[Items from a data source]
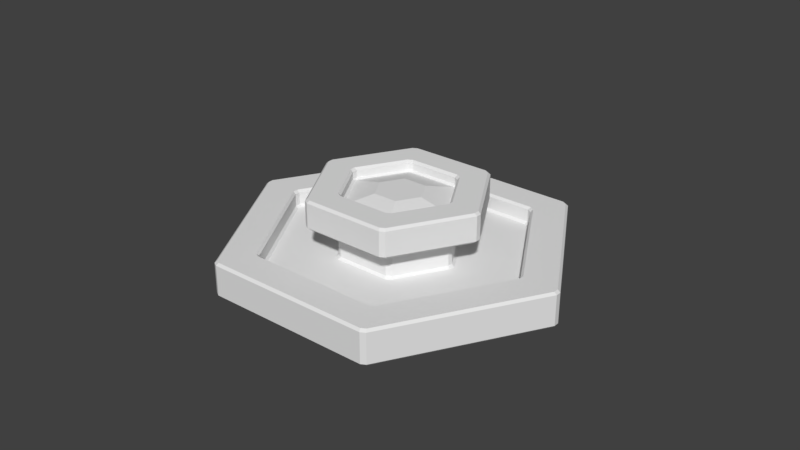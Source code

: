 # Source: fountain_2_.blend  (saved by Blender 2.79.0; exported with 4.5.12 LTS)
import bpy
from mathutils import Matrix  # noqa: F401  (used for matrix-valued properties, if any)

bpy.ops.wm.read_factory_settings(use_empty=True)
scene = bpy.context.scene
scene.name = 'Scene'

# ---- collections
col_collection_1 = bpy.data.collections.new('Collection 1'); scene.collection.children.link(col_collection_1)

# ---- world
world_world = bpy.data.worlds.new('World'); scene.world = world_world
world_world.color = (0.05088, 0.05088, 0.05088)
world_world.use_sun_shadow = False
world_world.sun_shadow_jitter_overblur = 0.0
world_world.cycles.sampling_method = 'MANUAL'

# ---- meshes
me_cylinder_002 = bpy.data.meshes.new('Cylinder.002')
me_cylinder_002.from_pydata([(0.3651, 0.2108, 1.022), (1.404e-07, 0.4216, 1.022), (0.3651, -0.2108, 1.022), (-2.875e-08, -0.4216, 1.022), (-0.3651, -0.2108, 1.022), (-0.3651, 0.2108, 1.022), (0.8042, 0.4643, 0.9099), (1.23e-07, 0.9286, 0.9099), (0.8042, -0.4643, 0.9099), (-8.11e-08, -0.9286, 0.9099), (-0.8042, 0.4643, 0.9099), (0.8519, 0.5452, 0.6), (0.8981, 0.4652, 0.6), (-0.04617, 1.01, 0.6), (0.04617, 1.01, 0.6), (0.8981, -0.4652, 0.6), (0.8519, -0.5452, 0.6), (0.04617, -1.01, 0.6), (-0.04617, -1.01, 0.6), (-0.8519, -0.5452, 0.6), (-0.8981, -0.4652, 0.6), (-0.8981, 0.4652, 0.6), (-0.8519, 0.5452, 0.6), (-0.04617, 2.927, -0.3), (0.04617, 2.927, -0.3), (-0.04617, 2.973, -0.26), (0.04617, 2.973, -0.26), (0.04617, 2.327, 0.3), (-0.04617, 2.327, 0.3), (-0.04617, 2.281, 0.26), (0.04617, 2.281, 0.26), (2.512, 1.504, -0.3), (2.558, 1.424, -0.3), (2.552, 1.527, -0.26), (2.598, 1.447, -0.26), (1.952, 1.18, 0.26), (1.998, 1.1, 0.26), (2.038, 1.123, 0.3), (1.992, 1.203, 0.3), (2.558, -1.424, -0.3), (2.512, -1.504, -0.3), (2.598, -1.447, -0.26), (2.552, -1.527, -0.26), (1.998, -1.1, 0.26), (1.952, -1.18, 0.26), (1.992, -1.203, 0.3), (2.038, -1.123, 0.3), (0.04617, -2.927, -0.3), (-0.04617, -2.927, -0.3), (0.04617, -2.973, -0.26), (-0.04617, -2.973, -0.26), (0.04617, -2.281, 0.26), (-0.04617, -2.281, 0.26), (-0.04617, -2.327, 0.3), (0.04617, -2.327, 0.3), (-2.512, -1.504, -0.3), (-2.558, -1.424, -0.3), (-2.552, -1.527, -0.26), (-2.598, -1.447, -0.26), (-1.952, -1.18, 0.26), (-1.998, -1.1, 0.26), (-2.038, -1.123, 0.3), (-1.992, -1.203, 0.3), (-2.558, 1.424, -0.3), (-2.512, 1.504, -0.3), (-2.598, 1.447, -0.26), (-2.552, 1.527, -0.26), (-1.998, 1.1, 0.26), (-1.952, 1.18, 0.26), (-1.992, 1.203, 0.3), (-2.038, 1.123, 0.3), (2.512, 1.504, 0.3), (2.558, 1.424, 0.3), (2.598, 1.447, 0.26), (2.552, 1.527, 0.26), (0.04617, 2.973, 0.26), (-0.04617, 2.973, 0.26), (-0.04617, 2.927, 0.3), (0.04617, 2.927, 0.3), (2.558, -1.424, 0.3), (2.512, -1.504, 0.3), (2.552, -1.527, 0.26), (2.598, -1.447, 0.26), (0.04617, -2.927, 0.3), (-0.04617, -2.927, 0.3), (-0.04617, -2.973, 0.26), (0.04617, -2.973, 0.26), (-2.512, -1.504, 0.3), (-2.558, -1.424, 0.3), (-2.598, -1.447, 0.26), (-2.552, -1.527, 0.26), (-2.558, 1.424, 0.3), (-2.512, 1.504, 0.3), (-2.552, 1.527, 0.26), (-2.598, 1.447, 0.26), (0.8519, 0.5452, 0.04), (0.8981, 0.4652, 0.04), (0.9381, 0.4883, 0.0), (0.8919, 0.5683, 0.0), (0.04617, 1.057, 0.0), (-0.04617, 1.057, 0.0), (-0.04617, 1.01, 0.04), (0.04617, 1.01, 0.04), (0.8981, -0.4652, 0.04), (0.8519, -0.5452, 0.04), (0.8919, -0.5683, 0.0), (0.9381, -0.4883, 0.0), (0.04617, -1.01, 0.04), (-0.04617, -1.01, 0.04), (-0.04617, -1.057, 0.0), (0.04617, -1.057, 0.0), (-0.8519, -0.5452, 0.04), (-0.8981, -0.4652, 0.04), (-0.9381, -0.4883, 0.0), (-0.8919, -0.5683, 0.0), (-0.8981, 0.4652, 0.04), (-0.8519, 0.5452, 0.04), (-0.8919, 0.5683, 0.0), (-0.9381, 0.4883, 0.0), (1.912, 1.157, 0.0), (1.958, 1.077, 0.0), (1.998, 1.1, 0.04), (1.952, 1.18, 0.04), (0.04617, 2.281, 0.04), (-0.04617, 2.281, 0.04), (-0.04617, 2.234, 0.0), (0.04617, 2.234, 0.0), (1.958, -1.077, 0.0), (1.912, -1.157, 0.0), (1.952, -1.18, 0.04), (1.998, -1.1, 0.04), (0.04617, -2.234, 0.0), (-0.04617, -2.234, 0.0), (-0.04617, -2.281, 0.04), (0.04617, -2.281, 0.04), (-1.912, -1.157, 0.0), (-1.958, -1.077, 0.0), (-1.998, -1.1, 0.04), (-1.952, -1.18, 0.04), (-1.958, 1.077, 0.0), (-1.912, 1.157, 0.0), (-1.952, 1.18, 0.04), (-1.998, 1.1, 0.04), (1.297, 0.802, 0.64), (1.343, 0.722, 0.64), (1.303, 0.6989, 0.6), (1.257, 0.7789, 0.6), (0.04617, 1.478, 0.6), (-0.04617, 1.478, 0.6), (-0.04617, 1.524, 0.64), (0.04617, 1.524, 0.64), (1.343, -0.722, 0.64), (1.297, -0.802, 0.64), (1.257, -0.7789, 0.6), (1.303, -0.6989, 0.6), (0.04617, -1.524, 0.64), (-0.04617, -1.524, 0.64), (-0.04617, -1.478, 0.6), (0.04617, -1.478, 0.6), (-1.297, -0.802, 0.64), (-1.343, -0.722, 0.64), (-1.303, -0.6989, 0.6), (-1.257, -0.7789, 0.6), (-1.343, 0.722, 0.64), (-1.297, 0.802, 0.64), (-1.257, 0.7789, 0.6), (-1.303, 0.6989, 0.6), (0.7968, 0.5133, 1.06), (0.843, 0.4334, 1.06), (0.883, 0.4565, 1.1), (0.8368, 0.5364, 1.1), (0.04617, 0.9929, 1.1), (-0.04617, 0.9929, 1.1), (-0.04617, 0.9467, 1.06), (0.04617, 0.9467, 1.06), (0.843, -0.4334, 1.06), (0.7968, -0.5133, 1.06), (0.8368, -0.5364, 1.1), (0.883, -0.4565, 1.1), (0.04617, -0.9467, 1.06), (-0.04617, -0.9467, 1.06), (-0.04617, -0.9929, 1.1), (0.04617, -0.9929, 1.1), (-0.7968, -0.5133, 1.06), (-0.843, -0.4334, 1.06), (-0.883, -0.4565, 1.1), (-0.8368, -0.5364, 1.1), (-0.843, 0.4334, 1.06), (-0.7968, 0.5133, 1.06), (-0.8368, 0.5364, 1.1), (-0.883, 0.4565, 1.1), (1.257, 0.7789, 1.1), (1.303, 0.6989, 1.1), (1.343, 0.722, 1.06), (1.297, 0.802, 1.06), (0.04617, 1.524, 1.06), (-0.04617, 1.524, 1.06), (-0.04617, 1.478, 1.1), (0.04617, 1.478, 1.1), (1.303, -0.6989, 1.1), (1.257, -0.7789, 1.1), (1.297, -0.802, 1.06), (1.343, -0.722, 1.06), (0.04617, -1.478, 1.1), (-0.04617, -1.478, 1.1), (-0.04617, -1.524, 1.06), (0.04617, -1.524, 1.06), (-1.257, -0.7789, 1.1), (-1.303, -0.6989, 1.1), (-1.343, -0.722, 1.06), (-1.297, -0.802, 1.06), (-1.303, 0.6989, 1.1), (-1.257, 0.7789, 1.1), (-1.297, 0.802, 1.06), (-1.343, 0.722, 1.06), (0.843, 0.4334, 0.94), (0.7968, 0.5133, 0.94), (0.807, 0.4659, 0.9121), (0.04617, 0.9467, 0.94), (-0.04617, 0.9467, 0.94), (1.229e-07, 0.9319, 0.9121), (0.7968, -0.5133, 0.94), (0.843, -0.4334, 0.94), (0.807, -0.4659, 0.9121), (-0.04617, -0.9467, 0.94), (0.04617, -0.9467, 0.94), (-8.143e-08, -0.9319, 0.9121), (-0.8042, -0.411, 0.9099), (-0.758, -0.491, 0.9099), (-0.7619, -0.4399, 0.9207), (-0.843, -0.4334, 0.94), (-0.7968, -0.5133, 0.94), (-0.7968, 0.5133, 0.94), (-0.843, 0.4334, 0.94), (-0.807, 0.4659, 0.9121)], [], [(38, 27, 30, 35), (37, 46, 79, 72), (45, 54, 83, 80), (58, 65, 63, 56), (70, 61, 60, 67), (61, 70, 91, 88), (29, 68, 141, 124), (66, 93, 76, 25), (34, 41, 39, 32), (54, 45, 44, 51), (62, 53, 52, 59), (53, 62, 87, 84), (15, 12, 145, 154), (46, 37, 36, 43), (17, 16, 153, 158), (42, 49, 47, 40), (82, 73, 72, 79), (50, 57, 55, 48), (35, 30, 123, 122), (27, 38, 71, 78), (95, 102, 14, 11), (97, 106, 127, 120), (21, 20, 161, 166), (66, 25, 23, 64), (148, 165, 164, 149), (19, 18, 157, 162), (146, 147, 150, 143), (130, 121, 120, 127), (114, 109, 108, 111), (100, 117, 116, 101), (110, 105, 104, 107), (118, 113, 112, 115), (171, 170, 191, 198), (162, 157, 156, 159), (115, 112, 20, 21), (103, 96, 12, 15), (178, 169, 168, 175), (166, 161, 160, 163), (1, 0, 6, 7), (107, 104, 16, 17), (13, 22, 165, 148), (101, 116, 22, 13), (111, 108, 18, 19), (158, 153, 152, 155), (170, 171, 174, 167), (169, 178, 199, 192), (181, 186, 207, 204), (202, 193, 192, 199), (185, 190, 211, 208), (177, 182, 203, 200), (0, 1, 5, 4, 3, 2), (186, 181, 180, 183), (172, 189, 188, 173), (173, 188, 232, 219), (190, 185, 184, 187), (182, 177, 176, 179), (0, 2, 8, 6), (5, 1, 7, 10), (3, 4, 229, 228, 9), (2, 3, 9, 8), (76, 93, 92, 77), (34, 73, 82, 41), (74, 75, 78, 71), (42, 81, 86, 49), (90, 85, 84, 87), (50, 85, 90, 57), (94, 89, 88, 91), (58, 89, 94, 65), (106, 97, 96, 103), (26, 33, 31, 24), (86, 81, 80, 83), (28, 69, 68, 29), (43, 36, 121, 130), (51, 44, 129, 134), (59, 52, 133, 138), (67, 60, 137, 142), (69, 28, 77, 92), (124, 141, 140, 125), (122, 123, 126, 119), (138, 133, 132, 135), (142, 137, 136, 139), (154, 145, 144, 151), (134, 129, 128, 131), (99, 98, 119, 126), (98, 99, 102, 95), (105, 110, 131, 128), (109, 114, 135, 132), (113, 118, 139, 136), (117, 100, 125, 140), (143, 150, 195, 194), (151, 144, 193, 202), (155, 152, 201, 206), (159, 156, 205, 210), (163, 160, 209, 214), (149, 164, 213, 196), (196, 213, 212, 197), (194, 195, 198, 191), (210, 205, 204, 207), (214, 209, 208, 211), (223, 222, 215, 217, 6, 8), (206, 201, 200, 203), (167, 174, 218, 216), (175, 168, 215, 222), (179, 176, 221, 225), (183, 180, 224, 231), (187, 184, 230, 233), (189, 172, 197, 212), (220, 219, 232, 234, 10, 7), (217, 216, 218, 220, 7, 6), (231, 224, 226, 9, 228), (234, 233, 230, 227, 10), (4, 5, 10, 227, 229), (226, 225, 221, 223, 8, 9), (26, 75, 74, 33), (215, 216, 217), (218, 219, 220), (221, 222, 223), (224, 225, 226), (227, 228, 229), (232, 233, 234), (23, 25, 26, 24), (34, 32, 31, 33), (72, 73, 74, 71), (76, 77, 78, 75), (42, 40, 39, 41), (80, 81, 82, 79), (50, 48, 47, 49), (84, 85, 86, 83), (58, 56, 55, 57), (88, 89, 90, 87), (66, 64, 63, 65), (92, 93, 94, 91), (36, 37, 38, 35), (28, 29, 30, 27), (44, 45, 46, 43), (52, 53, 54, 51), (60, 61, 62, 59), (68, 69, 70, 67), (120, 121, 122, 119), (124, 125, 126, 123), (128, 129, 130, 127), (132, 133, 134, 131), (136, 137, 138, 135), (140, 141, 142, 139), (96, 97, 98, 95), (100, 101, 102, 99), (104, 105, 106, 103), (108, 109, 110, 107), (112, 113, 114, 111), (116, 117, 118, 115), (144, 145, 146, 143), (148, 149, 150, 147), (152, 153, 154, 151), (156, 157, 158, 155), (160, 161, 162, 159), (164, 165, 166, 163), (192, 193, 194, 191), (196, 197, 198, 195), (200, 201, 202, 199), (204, 205, 206, 203), (208, 209, 210, 207), (212, 213, 214, 211), (168, 169, 170, 167), (172, 173, 174, 171), (176, 177, 178, 175), (180, 181, 182, 179), (184, 185, 186, 183), (188, 189, 190, 187), (227, 230, 231, 228), (25, 76, 75, 26), (73, 34, 33, 74), (65, 94, 93, 66), (121, 36, 35, 122), (29, 124, 123, 30), (77, 28, 27, 78), (37, 72, 71, 38), (67, 142, 141, 68), (91, 70, 69, 92), (81, 42, 41, 82), (129, 44, 43, 130), (45, 80, 79, 46), (85, 50, 49, 86), (133, 52, 51, 134), (53, 84, 83, 54), (89, 58, 57, 90), (61, 88, 87, 62), (137, 60, 59, 138), (12, 96, 95, 11), (101, 13, 14, 102), (119, 98, 97, 120), (105, 128, 127, 106), (125, 100, 99, 126), (16, 104, 103, 15), (115, 21, 22, 116), (139, 118, 117, 140), (18, 108, 107, 17), (109, 132, 131, 110), (20, 112, 111, 19), (113, 136, 135, 114), (193, 144, 143, 194), (149, 196, 195, 150), (153, 16, 15, 154), (11, 146, 145, 12), (13, 148, 147, 14), (201, 152, 151, 202), (163, 214, 213, 164), (21, 166, 165, 22), (205, 156, 155, 206), (157, 18, 17, 158), (209, 160, 159, 210), (161, 20, 19, 162), (215, 168, 167, 216), (173, 219, 218, 174), (191, 170, 169, 192), (177, 200, 199, 178), (197, 172, 171, 198), (221, 176, 175, 222), (187, 233, 232, 188), (211, 190, 189, 212), (224, 180, 179, 225), (181, 204, 203, 182), (230, 184, 183, 231), (185, 208, 207, 186), (11, 14, 147, 146)])
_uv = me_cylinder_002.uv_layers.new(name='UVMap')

◆ **WORK TO BE COMPLETED**
Please state how many lines in the entries above include the word "meshes", giving only the number.

◆ **WRITTEN ANSWER**
2